Big East Tournament 2013 Bracket: Breaking Down Syracuse-Georgetown

Mike MoraitisAnalyst IMarch 14, 2013

WASHINGTON, DC - MARCH 9:  Otto Porter Jr. #22 of the Georgetown Hoyas dribbles by James Southerland #43 of the Syracuse Orange during a college basketball game on March 9, 2013 at the Verizon Center in Washington, DC.  The Hoyas won 61-39.  (Photo by Mitchell Layton/Getty Images)
Mitchell Layton/Getty Images

The Syracuse Orange and Georgetown Hoyas advanced to face each other in the semifinals of the Big East men's basketball tournament after winning in early action on Thursday, so let's break down their Friday matchup, which is scheduled for 7 p.m. EDT on ESPN.

Georgetown had a relatively easy time getting to the semis with a win over the Cincinnati Bearcats. After a hard-fought first half between the Hoyas and Bearcats, it was Georgetown who would pull ahead in the second half to take home the win.

Syracuse didn't have such an easy time, however. The Orange jumped out to a 13-point first-half lead over the Pittsburgh Panthers, but the Panthers would outscore the Orange by 10 in the second half to make the game too close for comfort—although the Orange prevailed.

Before we break it down, let's take a look at the current Big East tourney bracket.


Big East Tournament Bracket

Season History

These two teams have been squaring off for decades now, but let's focus on what Syracuse and Georgetown have done to each other this season. The Orange have not fared well against the Hoyas after two losses in the pair's only two meetings.

The first meeting saw the Hoyas take an 11-point win in the Orange's building. Georgetown was led by star forward Otto Porter Jr., who dropped 33 on Syracuse to help his team gain a big advantage in the second half for the win.

In the second meeting, the Hoyas routed the Orange by 22 points in Washington D.C. in a game that was never even close. Georgetown was able to stifle Syracuse with sensational defense and stellar three-point shooting.

Clearly, Syracuse has its work cut out for it in this semifinal game with plenty of demons to exorcise in the process. Georgetown has played their Big East counterparts extraordinarily well this season and it remains to be seen if Syracuse can change that.


Key Player for Georgetown: Otto Porter Jr., Forward

Porter is hands down the best all-around player on the Hoyas roster this season and his numbers prove it. The star forward leads the team in points (16.4), rebounds (7.5) and steals (2.0). He is also second in blocks (1.0) and third in assists (2.7).

As if those great statistics weren't enough, Porter can also shoot the ball from deep. He's averaging 44 percent from three-point range this season. There isn't a spot on the floor that Porter can't dominate from, and Syracuse has found that out firsthand.

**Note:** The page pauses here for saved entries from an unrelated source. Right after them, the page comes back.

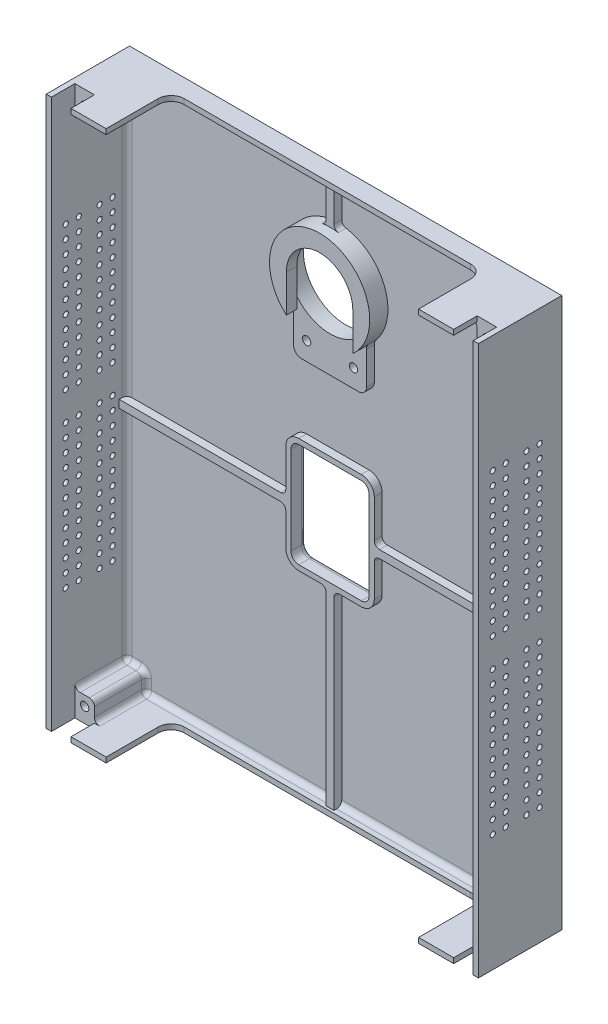
SolidWorks part; units mm, degrees
ref_plane "Front Plane" through (0, 0, 0) normal (0, 0, 1) x (1, 0, 0)
ref_plane "Top Plane" through (0, 0, 0) normal (0, 1, 0) x (1, 0, 0)
ref_plane "Right Plane" through (0, 0, 0) normal (1, 0, 0) x (0, 0, -1)
ref_plane "Plane1" through (0, 0, -1) normal (0, 0, 1) x (1, 0, 0)
sketch "Sketch5" plane through (0, 0, -1) normal (0, 0, 1) x (1, 0, 0)
  line L0 (100, 83.2573) -> (100, -169.2647) construction
  line L2 (17, 83.2573) -> (17, -127.7573)
  line L3 (17, -127.7573) -> (183, -127.7573)
  line L4 (183, 83.2573) -> (183, -127.7573)
  line L5 (17, 83.2573) -> (183, 83.2573)
  circle A0 centre (100, 48.2573) radius 16.25
  point P17 (45, 83.2573)
  dimension "D1" = 166
  dimension "D2" = 83
extrude "Boss-Extrude5" add sketch "Sketch5" along normal blind 3
sketch "Sketch6" plane through (0, 0, 2) normal (0, 0, 1) x (1, 0, 0)
  line L0 (116.25, 48.2573) -> (83.75, 48.2573) construction
  line L2 (86, 35.0451) -> (86, 18.2573)
  line L3 (86, 18.2573) -> (114, 18.2573)
  line L4 (114, 35.0451) -> (114, 18.2573)
  line L5 (100, 48.2573) -> (100, 52.872) construction
  circle A1 centre (100, 48.2573) radius 16.25
  arc A2 (114, 35.0451) -> (86, 35.0451) centre (100, 48.2573) ccw
  circle A6 centre (100, 48.2573) radius 16.25 construction
extrude "Boss-Extrude6" add sketch "Sketch6" along normal blind 3
sketch "Sketch7" plane through (0, 0, 5) normal (0, 0, 1) x (1, 0, 0)
  line L0 (112.75, 33.8351) -> (112.75, 48.2573)
  line L2 (87.25, 48.2573) -> (87.25, 33.8351)
  line L3 (100, 64.5073) -> (100, 48.2573) construction
  line L4 (100, 48.2573) -> (116.25, 48.2573) construction
  arc A8 (112.75, 33.8351) -> (87.25, 33.8351) centre (100, 48.2573) ccw
  circle A9 centre (100, 48.2573) radius 19.25 construction
  circle A10 centre (100, 48.2573) radius 16.25 construction
  circle A12 centre (100, 48.2573) radius 12.75
  arc A13 (112.75, 48.2573) -> (87.25, 48.2573) centre (100, 48.2573) ccw
  dimension "D1" = 1
extrude "Boss-Extrude7" add sketch "Sketch7" along normal blind 4
sketch "Sketch8" plane through (0, 0, 2) normal (0, 0, 1) x (1, 0, 0)
  line L4 (17, -127.7573) -> (183, -127.7573)
  line L5 (183, -127.7573) -> (183, 83.2573)
  line L6 (183, 83.2573) -> (17, 83.2573)
  line L7 (17, 83.2573) -> (17, -127.7573)
  line L8 (17, -127.7573) -> (183, -127.7573)
  line L9 (183, -127.7573) -> (183, 83.2573)
  line L10 (183, 83.2573) -> (17, 83.2573)
  line L11 (17, 83.2573) -> (17, -127.7573)
  line L12 (19, -125.7573) -> (181, -125.7573)
  line L13 (181, -125.7573) -> (181, 81.2573)
  line L14 (181, 81.2573) -> (19, 81.2573)
  line L15 (19, 81.2573) -> (19, -125.7573)
  dimension "D1" = 0
  dimension "D2" = 2
extrude "Boss-Extrude8" add sketch "Sketch8" along normal blind 29
fillet "Fillet2" radius 3 4 edges at (114, 18.2573, 3.5) (114, 35.0451, 3.5) (86, 18.2573, 3.5) (86, 35.0451, 3.5)
sketch "Sketch9" plane through (0, 0, 5) normal (0, 0, 1) x (1, 0, 0)
  line L0 (100, 48.2573) -> (100, 25.2573) construction
  line L1 (91, 25.2573) -> (109, 25.2573) construction
  line L2 (100, 25.2573) -> (100, 23.2329) construction
  circle A0 centre (91, 25.2573) radius 1.6
  circle A1 centre (109, 25.2573) radius 1.6
extrude "Cut-Extrude1" cut sketch "Sketch9" against normal up to surface (6 mm away) up to face at (100, -22.25, -1)
sketch "Sketch12" plane through (183, 0, 0) normal (1, 0, 0) x (0, 0, -1)
  circle A0 centre (-12.5, -16.7427) radius 1
  circle A1 centre (-7.5, -16.7427) radius 1
  circle A2 centre (-7.5, -11.7427) radius 1
  circle A3 centre (-7.5, -6.7427) radius 1
  circle A4 centre (-7.5, -1.7427) radius 1
  circle A5 centre (-7.5, 3.2573) radius 1
  circle A6 centre (-7.5, 8.2573) radius 1
  circle A7 centre (-7.5, 13.2573) radius 1
  circle A8 centre (-7.5, 18.2573) radius 1
  circle A9 centre (-7.5, 23.2573) radius 1
  circle A10 centre (-7.5, 28.2573) radius 1
  circle A11 centre (-7.5, 33.2573) radius 1
  circle A12 centre (-7.5, 38.2573) radius 1
  circle A13 centre (-12.5, -11.7427) radius 1
  circle A14 centre (-12.5, -6.7427) radius 1
  circle A15 centre (-12.5, -1.7427) radius 1
  circle A16 centre (-12.5, 3.2573) radius 1
  circle A17 centre (-12.5, 8.2573) radius 1
  circle A18 centre (-12.5, 13.2573) radius 1
  circle A19 centre (-12.5, 18.2573) radius 1
  circle A20 centre (-12.5, 23.2573) radius 1
  circle A21 centre (-12.5, 28.2573) radius 1
  circle A22 centre (-12.5, 33.2573) radius 1
  circle A23 centre (-12.5, 38.2573) radius 1
  circle A24 centre (-12.5, -82.7573) radius 1
  circle A25 centre (-12.5, -77.7573) radius 1
  circle A26 centre (-12.5, -72.7573) radius 1
  circle A27 centre (-12.5, -67.7573) radius 1
  circle A28 centre (-12.5, -62.7573) radius 1
  circle A29 centre (-12.5, -57.7573) radius 1
  circle A30 centre (-12.5, -52.7573) radius 1
  circle A31 centre (-12.5, -47.7573) radius 1
  circle A32 centre (-12.5, -42.7573) radius 1
  circle A33 centre (-12.5, -37.7573) radius 1
  circle A34 centre (-12.5, -32.7573) radius 1
  circle A35 centre (-7.5, -82.7573) radius 1
  circle A36 centre (-7.5, -77.7573) radius 1
  circle A37 centre (-7.5, -72.7573) radius 1
  circle A38 centre (-7.5, -67.7573) radius 1
  circle A39 centre (-7.5, -62.7573) radius 1
  circle A40 centre (-7.5, -57.7573) radius 1
  circle A41 centre (-7.5, -52.7573) radius 1
  circle A42 centre (-7.5, -47.7573) radius 1
  circle A43 centre (-7.5, -42.7573) radius 1
  circle A44 centre (-7.5, -37.7573) radius 1
  circle A45 centre (-7.5, -32.7573) radius 1
  circle A46 centre (-7.5, -27.7573) radius 1
  circle A47 centre (-12.5, -27.7573) radius 1
  circle A48 centre (-20.5, -27.7573) radius 1
  circle A49 centre (-25.5, -27.7573) radius 1
  circle A50 centre (-25.5, -32.7573) radius 1
  circle A51 centre (-25.5, -37.7573) radius 1
  circle A52 centre (-25.5, -42.7573) radius 1
  circle A53 centre (-25.5, -47.7573) radius 1
  circle A54 centre (-25.5, -52.7573) radius 1
  circle A55 centre (-25.5, -57.7573) radius 1
  circle A56 centre (-25.5, -62.7573) radius 1
  circle A57 centre (-25.5, -67.7573) radius 1
  circle A58 centre (-25.5, -72.7573) radius 1
  circle A59 centre (-25.5, -77.7573) radius 1
  circle A60 centre (-25.5, -82.7573) radius 1
  circle A61 centre (-20.5, -32.7573) radius 1
  circle A62 centre (-20.5, -37.7573) radius 1
  circle A63 centre (-20.5, -42.7573) radius 1
  circle A64 centre (-20.5, -47.7573) radius 1
  circle A65 centre (-20.5, -52.7573) radius 1
  circle A66 centre (-20.5, -57.7573) radius 1
  circle A67 centre (-20.5, -62.7573) radius 1
  circle A68 centre (-20.5, -67.7573) radius 1
  circle A69 centre (-20.5, -72.7573) radius 1
  circle A70 centre (-20.5, -77.7573) radius 1
  circle A71 centre (-20.5, -82.7573) radius 1
  circle A72 centre (-20.5, 38.2573) radius 1
  circle A73 centre (-20.5, 33.2573) radius 1
  circle A74 centre (-20.5, 28.2573) radius 1
  circle A75 centre (-20.5, 23.2573) radius 1
  circle A76 centre (-20.5, 18.2573) radius 1
  circle A77 centre (-20.5, 13.2573) radius 1
  circle A78 centre (-20.5, 8.2573) radius 1
  circle A79 centre (-20.5, 3.2573) radius 1
  circle A80 centre (-20.5, -1.7427) radius 1
  circle A81 centre (-20.5, -6.7427) radius 1
  circle A82 centre (-20.5, -11.7427) radius 1
  circle A83 centre (-25.5, 38.2573) radius 1
  circle A84 centre (-25.5, 33.2573) radius 1
  circle A85 centre (-25.5, 28.2573) radius 1
  circle A86 centre (-25.5, 23.2573) radius 1
  circle A87 centre (-25.5, 18.2573) radius 1
  circle A88 centre (-25.5, 13.2573) radius 1
  circle A89 centre (-25.5, 8.2573) radius 1
  circle A90 centre (-25.5, 3.2573) radius 1
  circle A91 centre (-25.5, -1.7427) radius 1
  circle A92 centre (-25.5, -6.7427) radius 1
  circle A93 centre (-25.5, -11.7427) radius 1
  circle A94 centre (-25.5, -16.7427) radius 1
  circle A95 centre (-20.5, -16.7427) radius 1
  dimension "D1" = 2
  dimension "D2" = 12
extrude "Cut-Extrude4" cut sketch "Sketch12" against normal up to surface (2 mm away) up to face at (181, -22.25, 16.5)
sketch "Sketch13" plane through (0, 0, -1) normal (0, 0, -1) x (-1, 0, 0)
  line L0 (-183, -30.7808) -> (-100, -30.7808) construction
  line L1 (-183, -127.7573) -> (-183, 83.2573) construction
  line L6 (-100, 83.2573) -> (-100, -30.7808) construction
  line L7 (-183, 83.2573) -> (-17, 83.2573) construction
  line L14 (-85, -47.7808) -> (-85, -13.7808)
  line L15 (-88, -10.7808) -> (-112, -10.7808)
  line L16 (-115, -13.7808) -> (-115, -47.7808)
  line L17 (-112, -50.7808) -> (-88, -50.7808)
  circle A1 centre (-100, -30.7808) radius 9 construction
  arc A15 (-88, -50.7808) -> (-85, -47.7808) centre (-88, -47.7808) ccw
  arc A16 (-85, -13.7808) -> (-88, -10.7808) centre (-88, -13.7808) ccw
  arc A17 (-112, -10.7808) -> (-115, -13.7808) centre (-112, -13.7808) ccw
  arc A18 (-115, -47.7808) -> (-112, -50.7808) centre (-112, -47.7808) ccw
extrude "Cut-Extrude5" cut sketch "Sketch13" against normal blind 3
sketch "Sketch14" plane through (17, 0, 0) normal (-1, 0, 0) x (0, 0, 1)
  circle A1 centre (12.5, -82.7573) radius 1
  circle A2 centre (12.5, -82.7573) radius 1
  circle A3 centre (12.5, -16.7427) radius 1
  circle A4 centre (12.5, -16.7427) radius 1
  circle A5 centre (7.5, 18.2573) radius 1
  circle A6 centre (7.5, 18.2573) radius 1
  circle A7 centre (7.5, 13.2573) radius 1
  circle A8 centre (7.5, 13.2573) radius 1
  circle A9 centre (7.5, 8.2573) radius 1
  circle A10 centre (7.5, 8.2573) radius 1
  circle A11 centre (7.5, 3.2573) radius 1
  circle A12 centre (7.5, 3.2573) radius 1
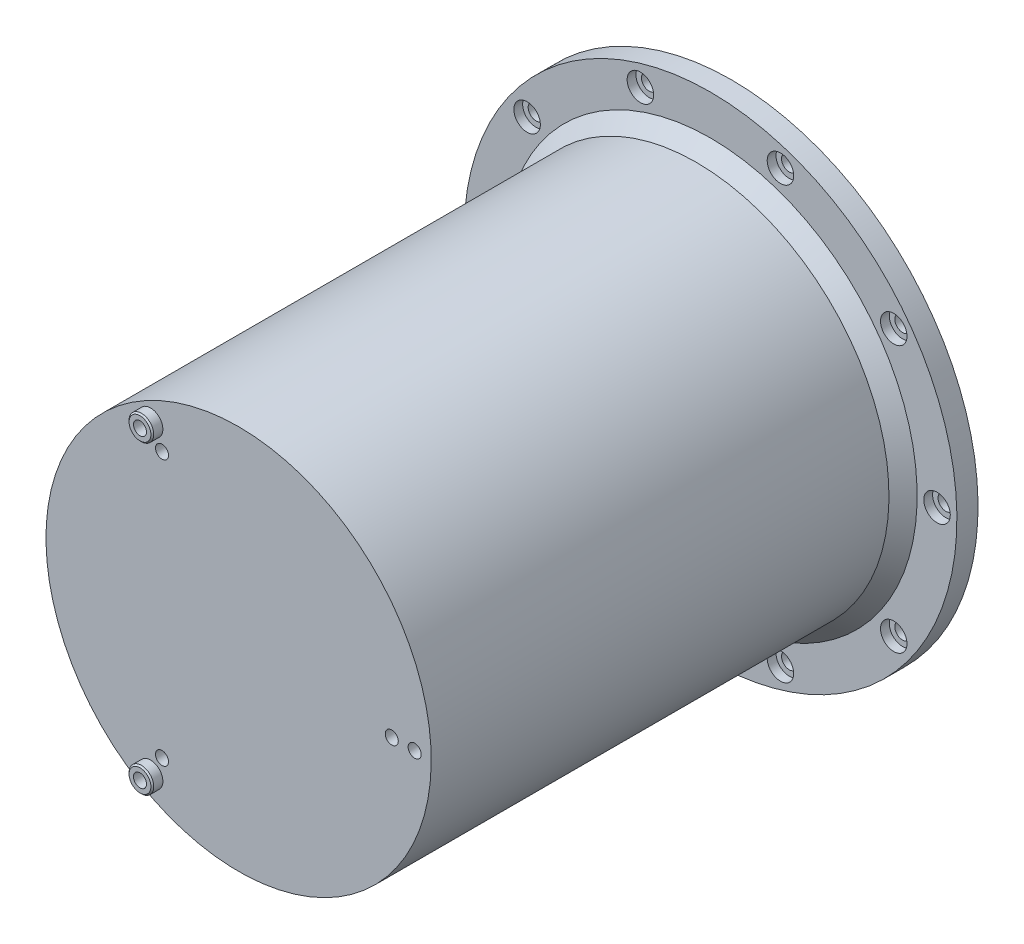
SolidWorks part; units mm, degrees
ref_plane "Piano frontale" through (0, 0, 0) normal (0, 0, 1) x (1, 0, 0)
ref_plane "Piano superiore" through (0, 0, 0) normal (0, 1, 0) x (1, 0, 0)
ref_plane "Piano destro" through (0, 0, 0) normal (1, 0, 0) x (0, 0, -1)
sketch "Schizzo1" plane through (0, 0, -132.2078) normal (0, 0, -1) x (-1, 0, 0)
  circle A14 centre (214.1711, -331.6849) radius 273.5326
  arc A15 (311.7735, -587.2115) -> (380.5507, -548.7976) centre (214.1711, -331.6849) ccw construction
  arc A16 (-35.8289, -322.4349) -> (-35.8289, -340.9349) centre (-35.8289, -331.6849) ccw construction
  arc A17 (-35.8289, -340.9349) -> (-35.8289, -322.4349) centre (-35.8289, -331.6849) ccw construction
  arc A18 (-3.3289, -340.9349) -> (-3.3289, -322.4349) centre (-3.3289, -331.6849) ccw construction
  arc A19 (-3.3289, -322.4349) -> (-3.3289, -340.9349) centre (-3.3289, -331.6849) ccw construction
  arc A20 (322.9211, -134.0744) -> (322.9211, -152.5744) centre (322.9211, -143.3244) ccw construction
  arc A21 (322.9211, -152.5744) -> (322.9211, -134.0744) centre (322.9211, -143.3244) ccw construction
  arc A22 (339.1711, -124.4286) -> (339.1711, -105.9286) centre (339.1711, -115.1786) ccw construction
  arc A23 (339.1711, -105.9286) -> (339.1711, -124.4286) centre (339.1711, -115.1786) ccw construction
  arc A24 (322.9211, -529.2954) -> (322.9211, -510.7954) centre (322.9211, -520.0454) ccw construction
  arc A25 (322.9211, -510.7954) -> (322.9211, -529.2954) centre (322.9211, -520.0454) ccw construction
  arc A26 (339.1711, -557.4413) -> (339.1711, -538.9413) centre (339.1711, -548.1913) ccw construction
  arc A27 (339.1711, -538.9413) -> (339.1711, -557.4413) centre (339.1711, -548.1913) ccw construction
  arc A28 (-35.8289, -322.4349) -> (-35.8289, -340.9349) centre (-35.8289, -331.6849) ccw
  arc A29 (-35.8289, -340.9349) -> (-35.8289, -322.4349) centre (-35.8289, -331.6849) ccw
  arc A30 (-3.3289, -340.9349) -> (-3.3289, -322.4349) centre (-3.3289, -331.6849) ccw
  arc A31 (-3.3289, -322.4349) -> (-3.3289, -340.9349) centre (-3.3289, -331.6849) ccw
  arc A32 (322.9211, -134.0744) -> (322.9211, -152.5744) centre (322.9211, -143.3244) ccw
  arc A33 (322.9211, -152.5744) -> (322.9211, -134.0744) centre (322.9211, -143.3244) ccw
  arc A34 (339.1711, -124.4286) -> (339.1711, -105.9286) centre (339.1711, -115.1786) ccw
  arc A35 (339.1711, -105.9286) -> (339.1711, -124.4286) centre (339.1711, -115.1786) ccw
  arc A36 (322.9211, -529.2954) -> (322.9211, -510.7954) centre (322.9211, -520.0454) ccw
  arc A37 (322.9211, -510.7954) -> (322.9211, -529.2954) centre (322.9211, -520.0454) ccw
  arc A38 (339.1711, -557.4413) -> (339.1711, -538.9413) centre (339.1711, -548.1913) ccw
  arc A39 (339.1711, -538.9413) -> (339.1711, -557.4413) centre (339.1711, -548.1913) ccw
extrude "Estrusione-Estrusione1" add sketch "Schizzo1" along normal blind 15
sketch "Schizzo5" plane through (0, 0, -147.2078) normal (0, 0, -1) x (-1, 0, 0)
  circle A0 centre (214.1711, -331.6849) radius 273.5326 construction
  circle A1 centre (214.1711, -331.6849) radius 273.5326
extrude "Estrusione-Estrusione4" add sketch "Schizzo5" along normal blind 685
sketch "Schizzo6" plane through (0, 0, -832.2078) normal (0, 0, -1) x (-1, 0, 0)
  circle A0 centre (214.1711, -331.6849) radius 350
  dimension "D1" = 700
extrude "Estrusione-Estrusione5" add sketch "Schizzo6" against normal blind 30
chamfer "Smusso2" distance 20 angle 45 1 edges at (-214.1711, -58.1523, -802.2078)
sketch "Schizzo7" plane through (0, 0, -802.2078) normal (0, 0, 1) x (1, 0, 0)
  line L0 (135.8289, -331.6849) -> (107.5952, -331.6849) construction
  line L1 (107.5952, -331.6849) -> (79.3615, -331.6849) construction
  circle A0 centre (-214.1711, -331.6849) radius 321.7663
  circle A1 centre (-214.1711, -331.6849) radius 350 construction
  circle A2 centre (-214.1711, -331.6849) radius 293.5326 construction
  point P11 (107.5952, -331.6849)
hole_wizard "Foro lamato per Bullone M20 a testa esagonale-1" positions "Schizzo3D1" profile "Schizzo9" counterbore size "M20" standard "ISO" end condition through all
sketch3d "Schizzo3D1"
  point P0 (107.5952, -331.6849, -802.2078)
sketch "Schizzo9" plane through (107.5952, -331.6849, -802.2078) normal (1, 0, 0) x (0, -1, 0)
  line L0 (0, 0) -> (0, 30)
  line L1 (0, 30) -> (11, 30)
  line L3 (11, 30) -> (11, 12.5)
  line L4 (11, 12.5) -> (18.8205, 12.5)
  line L5 (18.8205, 12.5) -> (18.8205, 0)
  line L7 (18.8205, 0) -> (0, 0)
  line L11 (0, -6.35) -> (0, 107.95) construction
  dimension "Thru Hole Dia." = 22
  dimension "Thru Hole Depth" = 30
  dimension "C'Bore Dia." = 37.641
  dimension "C'Bore Depth" = 12.5
pattern_circular "RipetizioneCircolare1" count 10 every 36 about axis through (-214.1711, -331.6849, -132.2078) along (0, 0, -1) of "Foro lamato per Bullone M20 a testa esagonale-1"
sketch "Schizzo10" plane through (0, 0, -132.2078) normal (0, 0, 1) x (1, 0, 0)
  arc A0 (-339.1711, -132.6786) -> (-339.1711, -97.6786) centre (-339.1711, -115.1786) ccw construction
  arc A1 (-339.1711, -97.6786) -> (-339.1711, -132.6786) centre (-339.1711, -115.1786) ccw construction
  arc A2 (-339.1711, -565.6913) -> (-339.1711, -530.6913) centre (-339.1711, -548.1913) ccw construction
  arc A3 (-339.1711, -530.6913) -> (-339.1711, -565.6913) centre (-339.1711, -548.1913) ccw construction
  arc A4 (-339.1711, -132.6786) -> (-339.1711, -97.6786) centre (-339.1711, -115.1786) ccw
  arc A5 (-339.1711, -97.6786) -> (-339.1711, -132.6786) centre (-339.1711, -115.1786) ccw
  arc A6 (-339.1711, -565.6913) -> (-339.1711, -530.6913) centre (-339.1711, -548.1913) ccw
  arc A7 (-339.1711, -530.6913) -> (-339.1711, -565.6913) centre (-339.1711, -548.1913) ccw
  circle A8 centre (-339.1711, -548.1913) radius 9.25 construction
  circle A9 centre (-339.1711, -115.1786) radius 9.25 construction
  circle A10 centre (-339.1711, -548.1913) radius 9.25
  circle A11 centre (-339.1711, -115.1786) radius 9.25
extrude "Estrusione-Estrusione6" add sketch "Schizzo10" along normal blind 15
chamfer "Smusso3" distance 2 angle 45 2 edges at (-321.6711, -115.1786, -117.2078) (-321.6711, -548.1913, -117.2078)

Against the Orange this season, Porter dropped 33 points the first time around and was a terror on the defensive end. In the second, Porter didn't score as many points, but he still got the job done in other areas of the game to make a serious impact with 10 points, eight rebounds and seven assists.

Even when he's not at his best, Porter has so many ways he can affect a game. Stopping everything he does should be the No. 1 priority for Syracuse in this game.


Key Player for Syracuse: Michael Carter-Williams, Guard

Carter-Williams is Syracuse's everything man this season. He may not be leading the team in scoring (12.3 points per game), but he does lead the team in assists (7.8) and steals (2.8) per contest. The Syracuse guard also hits the boards hard with 4.7 per game.

Perhaps one of the best things about Carter-Williams' game is his ability to drive to the basket and dish. It's a strength that the Orange rely on to create some space on the perimeter for some of their better shooters.

Carter-Williams has a decent perimeter game and he can step behind the arc to shoot the three, but he does have some work to do if he hopes to improve that aspect of his repertoire. When at his best, he's one of the better floor generals in the country.

In the first meeting with Georgetown, Carter-Williams was quiet on the offensive side of the ball with just seven points, five assists, four rebounds and two steals. He did put up better numbers the second time around with 17 points, but Carter-Williams only mustered up two assists and not surprisingly Syracuse had a horrid offensive game as a result.


Key to Victory for Georgetown: Great Defense

It goes without saying that great defense is a key to any game, but Georgetown has proven it can really lay it on thick against Syracuse. The Hoyas have yet to allow the Orange to score over 50 points in a game this season—and it's no coincidence both of those games resulted in a win.

More specifically, the Hoyas will be doing themselves a great service if they can once again hold Carter-Williams to minimal assists and make the Orange work harder to get open looks.

The Orange's star guard makes things easier for his team, so it's up to the Hoyas to make things difficult for him in order to make it difficult for Syracuse's offense as a whole.

Syracuse is also a great rebounding team this season, so Georgetown must not allow Syracuse to control the offensive boards and get second-chance opportunities. That would be a recipe for disaster for the Hoyas.


Key to Victory for Syracuse: Stop Otto Porter Jr.

The first and maybe only priority for the Orange must be to stop this talented forward.

Porter has beaten Syracuse in multiple ways this season. Not only has he scored his team to victory, but he's also hit the boards and passed the ball with great success in order to beat the Orange in other facets.

The Orange must apply serious pressure to Porter so that he passes the ball and forces his teammates to do the majority of the work scoring the ball. However, Porter is a good passer, so the Orange must not allow him to break down their defense while setting his teammates up for easy buckets.

Porter will be hitting the boards in this game, so that's another area the Orange must be wary of, and Porter's ability to shoot the deep ball must also be respected if Syracuse wants to stand a chance of beating Georgetown for the first time this season.